This Is What I Didn’t Realize Adulthood Was All About

Whether I like it or not, I am now officially an adult. My parents sold my childhood home, I begrudgingly graduated from college in May, I no longer drink wine out of a solo cup, and I now say things like “who is making that ruckus?!”

I previously thought that I had reached adulthood at 13 when I was forced to memorize hebrew prayers on my iPod color and invite 200 of my closest friends and relatives to a Nikki @ Nite themed party. My rabbi presented me with my new status as a Jewish adult and my very own Manischewitz glass. My braces glistened in the neon lights of the dance hall as we all danced the horah. I still have store credit at Tiffany’s.

I thought again that I had reached adulthood at 15, when my mother presented me with ‘The Care and Keeping of You: The Body Book for Younger Girls, Revised Edition,’ and told me to consult the book when I noticed “changes.” Unfortunately, the book lacked a Frequently Asked Questions section, and I still to this day have many unanswered questions. When did that get there? What’s a pap smear!? That goes where!?

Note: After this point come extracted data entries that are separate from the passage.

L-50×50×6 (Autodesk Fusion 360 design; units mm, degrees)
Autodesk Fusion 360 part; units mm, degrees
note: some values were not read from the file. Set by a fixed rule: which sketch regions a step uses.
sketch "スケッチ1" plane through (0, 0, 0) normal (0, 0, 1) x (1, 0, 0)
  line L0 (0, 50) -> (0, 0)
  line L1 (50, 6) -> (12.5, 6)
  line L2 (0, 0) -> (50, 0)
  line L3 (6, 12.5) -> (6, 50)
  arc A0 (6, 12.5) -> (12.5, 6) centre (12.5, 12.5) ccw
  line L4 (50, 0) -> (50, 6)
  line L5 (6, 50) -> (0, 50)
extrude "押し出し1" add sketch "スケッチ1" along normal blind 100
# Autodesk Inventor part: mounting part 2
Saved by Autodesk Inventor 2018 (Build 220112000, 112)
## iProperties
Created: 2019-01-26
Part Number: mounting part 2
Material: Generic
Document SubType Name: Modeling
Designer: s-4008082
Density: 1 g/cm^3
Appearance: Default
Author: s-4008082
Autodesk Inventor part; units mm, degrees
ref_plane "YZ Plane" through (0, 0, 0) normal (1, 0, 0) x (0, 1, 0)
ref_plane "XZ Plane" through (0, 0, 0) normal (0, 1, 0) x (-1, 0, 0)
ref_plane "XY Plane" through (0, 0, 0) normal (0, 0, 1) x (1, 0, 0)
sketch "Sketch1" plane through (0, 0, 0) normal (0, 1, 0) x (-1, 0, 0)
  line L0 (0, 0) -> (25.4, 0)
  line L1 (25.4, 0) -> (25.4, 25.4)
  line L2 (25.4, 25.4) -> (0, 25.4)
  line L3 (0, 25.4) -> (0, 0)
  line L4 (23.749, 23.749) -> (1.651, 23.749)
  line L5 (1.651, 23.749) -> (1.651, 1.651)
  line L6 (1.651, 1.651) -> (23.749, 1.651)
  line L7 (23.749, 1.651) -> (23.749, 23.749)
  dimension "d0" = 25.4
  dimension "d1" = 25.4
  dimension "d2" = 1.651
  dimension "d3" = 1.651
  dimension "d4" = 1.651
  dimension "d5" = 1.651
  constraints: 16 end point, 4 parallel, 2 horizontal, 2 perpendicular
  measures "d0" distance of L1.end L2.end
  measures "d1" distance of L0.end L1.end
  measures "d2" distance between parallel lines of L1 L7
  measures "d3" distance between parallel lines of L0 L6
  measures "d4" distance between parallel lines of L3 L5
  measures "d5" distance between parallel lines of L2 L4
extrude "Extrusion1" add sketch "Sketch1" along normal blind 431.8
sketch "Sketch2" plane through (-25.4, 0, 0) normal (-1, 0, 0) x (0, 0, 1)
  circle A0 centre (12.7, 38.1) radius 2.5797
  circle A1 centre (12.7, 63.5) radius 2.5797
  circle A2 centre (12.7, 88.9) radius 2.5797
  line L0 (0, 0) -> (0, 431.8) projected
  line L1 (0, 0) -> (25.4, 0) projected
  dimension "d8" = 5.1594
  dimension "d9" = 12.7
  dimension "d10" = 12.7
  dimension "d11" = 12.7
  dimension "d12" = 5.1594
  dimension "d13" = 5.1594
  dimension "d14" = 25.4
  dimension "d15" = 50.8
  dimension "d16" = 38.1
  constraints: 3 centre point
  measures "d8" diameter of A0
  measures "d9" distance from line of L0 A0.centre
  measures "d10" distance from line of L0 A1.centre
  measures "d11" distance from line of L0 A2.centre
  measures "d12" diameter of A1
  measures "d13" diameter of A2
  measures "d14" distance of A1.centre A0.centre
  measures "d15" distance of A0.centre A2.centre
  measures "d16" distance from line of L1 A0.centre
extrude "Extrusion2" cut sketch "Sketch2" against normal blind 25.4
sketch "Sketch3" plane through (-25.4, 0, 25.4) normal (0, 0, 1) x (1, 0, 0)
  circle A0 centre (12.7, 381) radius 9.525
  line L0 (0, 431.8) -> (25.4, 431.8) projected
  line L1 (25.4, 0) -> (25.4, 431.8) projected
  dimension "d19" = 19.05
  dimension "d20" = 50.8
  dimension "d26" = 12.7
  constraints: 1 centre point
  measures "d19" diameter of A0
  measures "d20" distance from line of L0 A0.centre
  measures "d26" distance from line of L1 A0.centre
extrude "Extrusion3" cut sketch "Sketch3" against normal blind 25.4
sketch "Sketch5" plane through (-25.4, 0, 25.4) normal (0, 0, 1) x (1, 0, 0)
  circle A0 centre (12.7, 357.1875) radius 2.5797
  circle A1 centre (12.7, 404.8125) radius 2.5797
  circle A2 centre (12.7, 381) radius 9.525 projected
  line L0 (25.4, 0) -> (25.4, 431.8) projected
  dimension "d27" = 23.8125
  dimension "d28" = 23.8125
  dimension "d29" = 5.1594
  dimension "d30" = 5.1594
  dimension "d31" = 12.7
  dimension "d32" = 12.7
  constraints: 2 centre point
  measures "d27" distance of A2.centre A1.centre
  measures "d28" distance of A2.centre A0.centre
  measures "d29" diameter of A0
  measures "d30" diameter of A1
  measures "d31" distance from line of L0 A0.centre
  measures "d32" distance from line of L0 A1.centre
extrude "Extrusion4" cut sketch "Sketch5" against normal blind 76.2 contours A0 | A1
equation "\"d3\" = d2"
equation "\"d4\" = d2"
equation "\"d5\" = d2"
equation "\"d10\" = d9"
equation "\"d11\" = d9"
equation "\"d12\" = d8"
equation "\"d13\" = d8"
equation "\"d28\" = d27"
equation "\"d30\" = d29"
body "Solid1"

And again, at 17 when I got my license, at 18 when I could vote, and at 21 when I had my first legal drink…

But it seems that now, at 22, I have finally, actually, really, reached adulthood. I pay the rent, cable and a Poland Spring water dispenser bill. I have a job, a car, and a 401k. My dad borrows my HBOgo password. And while hoards of college kids celebrate the return of another semester, I’m still in the midst of just another work week.

I just celebrated my three-month workiversary alone at my cubicle, and it made me sad. (Mostly because nobody brought me a gluten-free dairy-free cake.) Adulthood and young professional life is lonely. My daily social interactions consist of brief conversations with my colleagues and shaking my head at the men who catcall me on Mass. Ave.

The great diaspora of graduation leaves recent grads, for the first time in our lives, without a central meeting place. I can no longer set up shop in a Tufts dining hall for hours at a time to gossip with each influx of friends as they come to lunch. Gone are the Tuesday pub nights at the local “townie” bar, where, if you could rally a crew to go, promised cheap pitchers and questionable decisions. My friends have dispersed across the country and world, linked by group texts, Instagram tags and snapchats. We are left only with the memories of the hours spent lounging on our porch and stuffing our faces with greasy late-night pizza.

Communities are the crux of human civilization. The Greeks threw dartys in agoras the original frat basements,) the pilgrims pregamed in Plymouth, and the cavemen and women hotboxed their caves. A central meeting place offers congruity, community, and cake. I am currently lacking one.

Friends and How I Met Your Mother lied to me! Contrary to popular television, I don’t spend my workdays sitting in a coffee shop with my friends, or drinking beer every night (and not gaining weight) at the neighborhood bar. Work and workout schedules never seem to line up, and I’m lucky if my roommates and I are home at the same time, let alone willing to drink with me on a work night. Taylor Swift promised a balance of miserable and magical, oh yeah. But, honey, I’m still searching for the magic.

First the first time in my life I am not a member of a team, a sorority, or a daily participant in my family’s traditions. I miss walking out of my house on College Ave., where everybody knows my name. I miss the convenience of a frat party, promising a congregation of familiar characters. I miss my 15% student discount at JCrew.

The college bubble has been popped, and I am aimlessly drifting like that plastic bag Katy Perry sings about in that catchy tune that plays on the radio. I’m caught somewhere between Hannah Horvath and Liz Lemon- not quite ready to work on my night cheese but also not quite ready to expose my nipples to Brooklyn. I feel underprepared and underwhelmed about what’s in store. Also, I’ve been spending a lot of money in stores.

It’s silly to me that I spent hours learning how to fairly divide a rhubarb pie between dinner guests, yet I don’t possess the skills to bake said pie. It’s bizarre that I can describe for you the postmodern hyperspace of ‘The Matrix’ and how it relates to Jameson’s ‘Postmodernism and The City,’ but I cannot describe for you how to navigate the city in which I live. Do people acquire these skills in their twenties? Are there classes I should know about? Will Morpheus be visiting soon?

I now understand why people go to graduate school. I want structure, I want establishment, I want routine, I want a puppy. But since I can’t yet afford vet bills, I’d settle for a neighborhood bar- a watering hole to call my own, that promises familiar faces, a new community, and some sort of deals on beer.

I’m optimistic that with the right network of mutual friends and a persistent bar hopping schedule, a local pub and a sense of belong will be found. And as people move in and out of cities, jobs and relationships, new friendships will form. No amount of trivia nights or paint bars will replace the social experience of college, but hey, that’s what homecoming is for!